ドクター転職ショートストーリー

涙(上)

2010年11月15日 コンサルタントS

H先生とのはじまりは今年3月。私は面談のお約束をしたく、H先生に連絡を入れたが、H先生は忙しいらしく「自宅から通勤圏内の案件紹介を願いたい」とだけ仰られ、電話は切れた。
この後、状況は劇的に変わる事になる。

翌日、H先生の情報が充分に無いまま、ご希望である「自宅から徒歩圏内」の300床の急性期病院S病院を紹介した。病院からも「希望年俸は十分応じることができる」と快諾頂き、病院の意向を先生に伝えると「ありがとうございます。そこまでして頂けたのなら、一度院長先生とお会いさせて下さい」と、快いお返事を頂いた。しかしそんな言葉とは裏腹に、この日から2カ月間、先生との連絡が全く取れなくなった。この間に、痺れを切らせたS病院側からは「今回の件は無かった事にして欲しい」と、断られてしまった。

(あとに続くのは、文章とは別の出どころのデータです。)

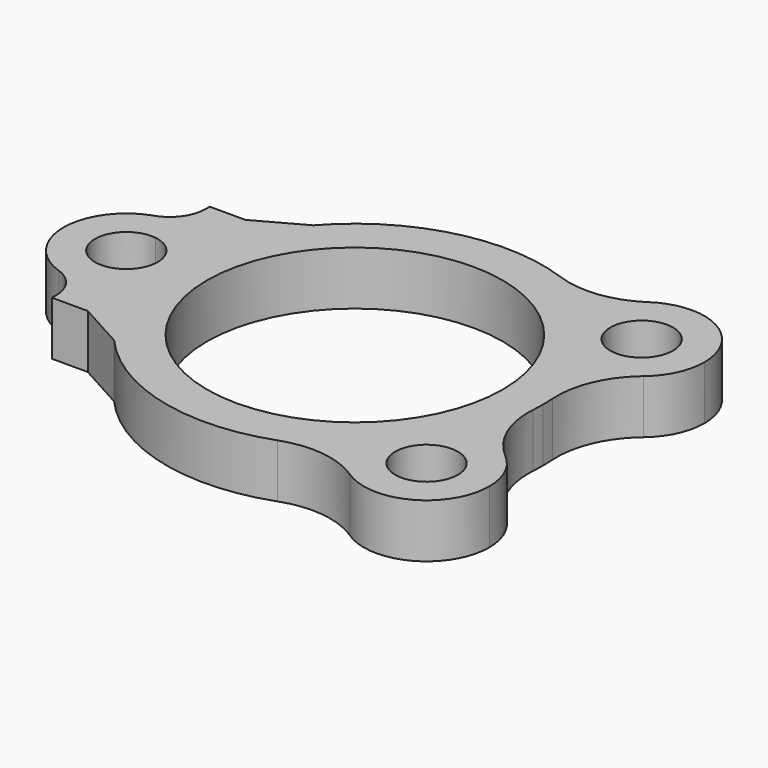
from build123d import *

# Parameters (mm, degrees)
F0_R     = 8.25
F0_R_2   = 1.75
F1_DEPTH = 3
F2_R     = 2
F3_R     = 5


# Not quite as in the source:
# - a feature names something its author has since deleted; it is built from what else it names


with BuildPart() as f1:
    # F0 (on Top) → F1 (new body)
    with BuildSketch(Plane.XY):
        with BuildLine():
            Line((-10.5, -2.6809513237), (-10.5, 0))
            Line((-10.5, 0), (-10.5, 2.6809513237))
            ThreePointArc((-10.5, 2.6809513237), (-11.4360102659, 3.243983813), (-12.5, 3.4910600109))
            Line((-12.5, 3.4910600109), (-12.5, 1.7320508076))
            ThreePointArc((-12.5, 1.7320508076), (-11.4271243445, 1.1456439237), (-11, 0))
            ThreePointArc((-11, 0), (-11.4271243445, -1.1456439237), (-12.5, -1.7320508076))
            Line((-12.5, -1.7320508076), (-12.5, -3.4910600109))
            ThreePointArc((-12.5, -3.4910600109), (-11.4360102659, -3.243983813), (-10.5, -2.6809513237))
        make_face()
        with BuildLine():
            Line((-12.5, 1.7320508076), (-12.5, 3.4910600109))
            ThreePointArc((-12.5, 3.4910600109), (-16.25, 0), (-12.5, -3.4910600109))
            Line((-12.5, -3.4910600109), (-12.5, -1.7320508076))
            ThreePointArc((-12.5, -1.7320508076), (-14.5, 0), (-12.5, 1.7320508076))
        make_face()
        with BuildLine():
            Line((-10.5, 2.6809513237), (-10.5, 5.5))
            Line((-10.5, 5.5), (-12.5, 5.5))
            Line((-12.5, 5.5), (-12.5, 3.4910600109))
            ThreePointArc((-12.5, 3.4910600109), (-11.4360102659, 3.243983813), (-10.5, 2.6809513237))
        make_face()
        with BuildLine():
            ThreePointArc((-10.2181372549, 2.4165411314), (-9.3247712996, 4.8268665001), (-7.8725304742, 6.9478963675))
            Line((-7.8725304742, 6.9478963675), (-10.5, 5.5))
            Line((-10.5, 5.5), (-10.5, 2.6809513237))
            ThreePointArc((-10.5, 2.6809513237), (-10.3554163168, 2.5526396111), (-10.2181372549, 2.4165411314))
        make_face()
        with BuildLine():
            Line((-7.2260237528, 5.7746931281), (-7.8725304742, 6.9478963675))
            ThreePointArc((-7.8725304742, 6.9478963675), (-9.3247712996, 4.8268665001), (-10.2181372549, 2.4165411314))
            ThreePointArc((-10.2181372549, 2.4165411314), (-9.5010371187, 1.301629823), (-9.25, 0))
            ThreePointArc((-9.25, 0), (-8.729353347, 3.0595571809), (-7.2260237528, 5.7746931281))
        make_face()
        with BuildLine():
            ThreePointArc((6.6767394005, 6.401847466), (6.5063300085, 7.2895956499), (6.5689658587, 8.1913788551))
            ThreePointArc((6.5689658587, 8.1913788551), (-0.9007676454, 10.4612913949), (-7.8725304742, 6.9478963675))
            Line((-7.8725304742, 6.9478963675), (-7.2260237528, 5.7746931281))
            ThreePointArc((-7.2260237528, 5.7746931281), (-0.4168440545, 9.2406028502), (6.6767394005, 6.401847466))
        make_face()
        with BuildLine():
            ThreePointArc((9.25, 0), (8.9359851316, 2.3897007611), (8.0152605995, 4.617152534))
            ThreePointArc((8.0152605995, 4.617152534), (7.2, 5.4), (6.6767394005, 6.401847466))
            ThreePointArc((6.6767394005, 6.401847466), (-0.4168440545, 9.2406028502), (-7.2260237528, 5.7746931281))
            ThreePointArc((-7.2260237528, 5.7746931281), (-8.729353347, 3.0595571809), (-9.25, 0))
            ThreePointArc((-9.25, 0), (-8.729353347, -3.0595571809), (-7.2260237528, -5.7746931281))
            ThreePointArc((-7.2260237528, -5.7746931281), (-0.4168440545, -9.2406028502), (6.6767394005, -6.401847466))
            ThreePointArc((6.6767394005, -6.401847466), (7.2, -5.4), (8.0152605995, -4.617152534))
            ThreePointArc((8.0152605995, -4.617152534), (8.9359851316, -2.3897007611), (9.25, 0))
        make_face()
        Circle(F0_R, mode=Mode.SUBTRACT)
        with BuildLine():
            Line((-12.5, -5.5), (-10.5, -5.5))
            Line((-10.5, -5.5), (-10.5, -2.6809513237))
            ThreePointArc((-10.5, -2.6809513237), (-11.4360102659, -3.243983813), (-12.5, -3.4910600109))
            Line((-12.5, -3.4910600109), (-12.5, -5.5))
        make_face()
        with BuildLine():
            Line((-10.5, -5.5), (-7.8725304742, -6.9478963675))
            ThreePointArc((-7.8725304742, -6.9478963675), (-9.3247712996, -4.8268665001), (-10.2181372549, -2.4165411314))
            ThreePointArc((-10.2181372549, -2.4165411314), (-10.3554163168, -2.5526396111), (-10.5, -2.6809513237))
            Line((-10.5, -2.6809513237), (-10.5, -5.5))
        make_face()
        with BuildLine():
            ThreePointArc((-10.5, -2.6809513237), (-10.3554163168, -2.5526396111), (-10.2181372549, -2.4165411314))
            ThreePointArc((-10.2181372549, -2.4165411314), (-10.4292962652, -1.2164618415), (-10.5, 0))
            Line((-10.5, 0), (-10.5, -2.6809513237))
        make_face()
        with BuildLine():
            ThreePointArc((-9.25, 0), (-9.5010371187, 1.301629823), (-10.2181372549, 2.4165411314))
            ThreePointArc((-10.2181372549, 2.4165411314), (-10.4292962652, 1.2164618415), (-10.5, 0))
            ThreePointArc((-10.5, 0), (-10.4292962652, -1.2164618415), (-10.2181372549, -2.4165411314))
            ThreePointArc((-10.2181372549, -2.4165411314), (-9.5010371187, -1.301629823), (-9.25, 0))
        make_face()
        with BuildLine():
            ThreePointArc((-10.2181372549, -2.4165411314), (-9.3247712996, -4.8268665001), (-7.8725304742, -6.9478963675))
            Line((-7.8725304742, -6.9478963675), (-7.2260237528, -5.7746931281))
            ThreePointArc((-7.2260237528, -5.7746931281), (-8.729353347, -3.0595571809), (-9.25, 0))
            ThreePointArc((-9.25, 0), (-9.5010371187, -1.301629823), (-10.2181372549, -2.4165411314))
        make_face()
        with BuildLine():
            ThreePointArc((-10.5, 0), (-10.4292962652, 1.2164618415), (-10.2181372549, 2.4165411314))
            ThreePointArc((-10.2181372549, 2.4165411314), (-10.3554163168, 2.5526396111), (-10.5, 2.6809513237))
            Line((-10.5, 2.6809513237), (-10.5, 0))
        make_face()
        with BuildLine():
            ThreePointArc((-7.8725304742, -6.9478963675), (-0.9007676454, -10.4612913949), (6.5689658587, -8.1913788551))
            ThreePointArc((6.5689658587, -8.1913788551), (6.5063300085, -7.2895956499), (6.6767394005, -6.401847466))
            ThreePointArc((6.6767394005, -6.401847466), (-0.4168440545, -9.2406028502), (-7.2260237528, -5.7746931281))
            Line((-7.2260237528, -5.7746931281), (-7.8725304742, -6.9478963675))
        make_face()
        with BuildLine():
            ThreePointArc((6.5689658587, -8.1913788551), (8.4, -6.3), (9.7030341413, -4.0126211449))
            ThreePointArc((9.7030341413, -4.0126211449), (8.8197842263, -4.2049900262), (8.0152605995, -4.617152534))
            ThreePointArc((8.0152605995, -4.617152534), (7.4, -5.55), (6.6767394005, -6.401847466))
            ThreePointArc((6.6767394005, -6.401847466), (6.5063300085, -7.2895956499), (6.5689658587, -8.1913788551))
        make_face()
        with BuildLine():
            ThreePointArc((13.5, -7.5), (12.3675535363, -4.9222703298), (9.7030341413, -4.0126211449))
            ThreePointArc((9.7030341413, -4.0126211449), (8.4, -6.3), (6.5689658587, -8.1913788551))
            ThreePointArc((6.5689658587, -8.1913788551), (10.3474050269, -10.982715858), (13.5, -7.5))
        make_face()
        with Locations((10, -7.5)):
            Circle(F0_R_2, mode=Mode.SUBTRACT)
        with BuildLine():
            ThreePointArc((6.6767394005, -6.401847466), (7.4, -5.55), (8.0152605995, -4.617152534))
            ThreePointArc((8.0152605995, -4.617152534), (7.2, -5.4), (6.6767394005, -6.401847466))
        make_face()
        with BuildLine():
            ThreePointArc((9.7030341413, -4.0126211449), (10.2988314503, -2.0455001242), (10.5, 0))
            ThreePointArc((10.5, 0), (10.2988314503, 2.0455001242), (9.7030341413, 4.0126211449))
            ThreePointArc((9.7030341413, 4.0126211449), (8.8197842263, 4.2049900262), (8.0152605995, 4.617152534))
            ThreePointArc((8.0152605995, 4.617152534), (8.9359851316, 2.3897007611), (9.25, 0))
            ThreePointArc((9.25, 0), (8.9359851316, -2.3897007611), (8.0152605995, -4.617152534))
            ThreePointArc((8.0152605995, -4.617152534), (8.8197842263, -4.2049900262), (9.7030341413, -4.0126211449))
        make_face()
        with BuildLine():
            ThreePointArc((6.6767394005, 6.401847466), (7.2, 5.4), (8.0152605995, 4.617152534))
            ThreePointArc((8.0152605995, 4.617152534), (7.4, 5.55), (6.6767394005, 6.401847466))
        make_face()
        with BuildLine():
            ThreePointArc((8.0152605995, 4.617152534), (8.8197842263, 4.2049900262), (9.7030341413, 4.0126211449))
            ThreePointArc((9.7030341413, 4.0126211449), (8.4, 6.3), (6.5689658587, 8.1913788551))
            ThreePointArc((6.5689658587, 8.1913788551), (6.5063300085, 7.2895956499), (6.6767394005, 6.401847466))
            ThreePointArc((6.6767394005, 6.401847466), (7.4, 5.55), (8.0152605995, 4.617152534))
        make_face()
        with BuildLine():
            ThreePointArc((6.5689658587, 8.1913788551), (8.4, 6.3), (9.7030341413, 4.0126211449))
            ThreePointArc((9.7030341413, 4.0126211449), (12.3675535363, 4.9222703298), (13.5, 7.5))
            ThreePointArc((13.5, 7.5), (10.3474050269, 10.982715858), (6.5689658587, 8.1913788551))
        make_face()
        with Locations((10, 7.5)):
            Circle(F0_R_2, mode=Mode.SUBTRACT)
    extrude(amount=F1_DEPTH)

    # F2
    f2_edges = [f1.edges().sort_by_distance(p)[0] for p in [
        (-12.5, -3.49106, 1.5),
        (-12.5, 3.49106, 1.5),
    ]]
    fillet(f2_edges, radius=F2_R)

    # F3
    f3_edges = [f1.edges().sort_by_distance(p)[0] for p in [
        (6.568966, -8.191379, 1.5),
        (9.703034, -4.012621, 1.5),
        (9.703034, 4.012621, 1.5),
        (6.568966, 8.191379, 1.5),
    ]]
    fillet(f3_edges, radius=F3_R)


solid = f1.part

後日、調査をしてみると、S病院は医師の大量退職で、残る先生方に全ての負担が掛かり、疲弊しきっているという事実が判明した。S病院を紹介していたH先生には複雑な思いで、事実をメールした。

それから3日後、突然2カ月振りにH先生から連絡が入った。「一度お会いして、ご相談したい事があります」と。
面談日当日、40歳のH先生は想像通りの優しそうな内科医だった。私がここ2カ月間のS病院とのやり取りを説明すると、H先生から意外な言葉が出てきた。
「正直に申し上げますと、私はあなたを試していました。S病院に対し、あたかも興味があるような振る舞いをした事に対してお詫びします。実はS病院への転職意思は無く、2カ月間連絡が途絶えてしまったのも、娘が深刻な病に侵され、転職どころではなくなってしまったからです。しかしS病院から断られてからも何度もご連絡頂き、またS病院の状況を隠さず全てを教えてくれた。私としては転職したい気持ちは変わっていません」
それから1時間、H先生からご家庭やお仕事の状況をじっくり伺い、私はY病院が頭に浮かんだ。Y病院は先生のご自宅からも程近く、特定疾患の為の病床があり、娘さんの骨肉腫が悪化した際も対応ができるなどの期待もあった。
面談の最後にH先生より「親族以外で娘の事を話したのはあなたが初めてです。今回の転職については全てお任せします」と言われ、私は強い使命感を感じた。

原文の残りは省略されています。